* **EXERCISE**: Could you transcribe all the entries exactly, omitting the pictures?

* **Data items**:
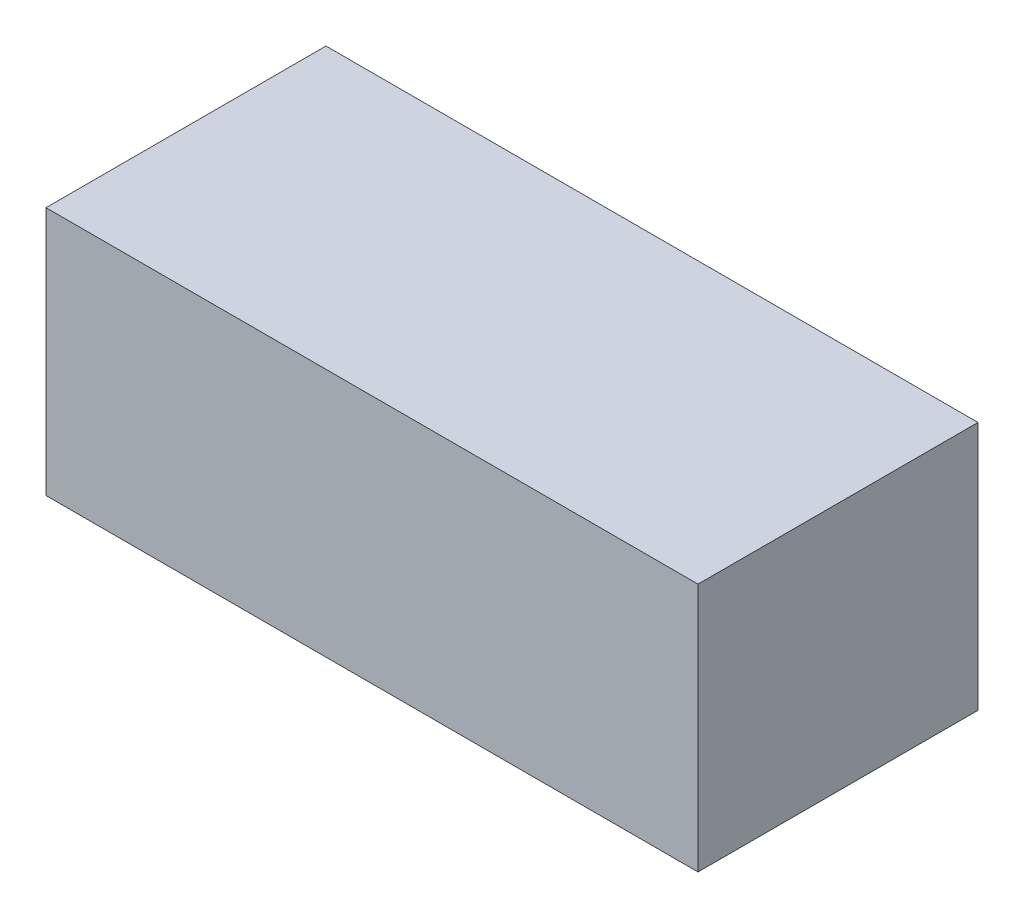
from build123d import *

# Parameters (mm, degrees)
SKETCH1_W           = 43.18
SKETCH1_H           = 18.542
BOSS_EXTRUDE1_DEPTH = 16.51


with BuildPart() as part:
    # Sketch1 → Boss-Extrude1 (new body)
    with BuildSketch(Plane(origin=(0, 0, 0), x_dir=(1, 0, 0), z_dir=(0, 1, 0))):
        Rectangle(SKETCH1_W, SKETCH1_H)
    extrude(amount=BOSS_EXTRUDE1_DEPTH)


solid = part.part

* **EXERCISE SOLUTION**:
from build123d import *

# Parameters (mm, degrees)
SKETCH1_W           = 43.18
SKETCH1_H           = 18.542
BOSS_EXTRUDE1_DEPTH = 16.51


with BuildPart() as part:
    # Sketch1 → Boss-Extrude1 (new body)
    with BuildSketch(Plane(origin=(0, 0, 0), x_dir=(1, 0, 0), z_dir=(0, 1, 0))):
        Rectangle(SKETCH1_W, SKETCH1_H)
    extrude(amount=BOSS_EXTRUDE1_DEPTH)


solid = part.part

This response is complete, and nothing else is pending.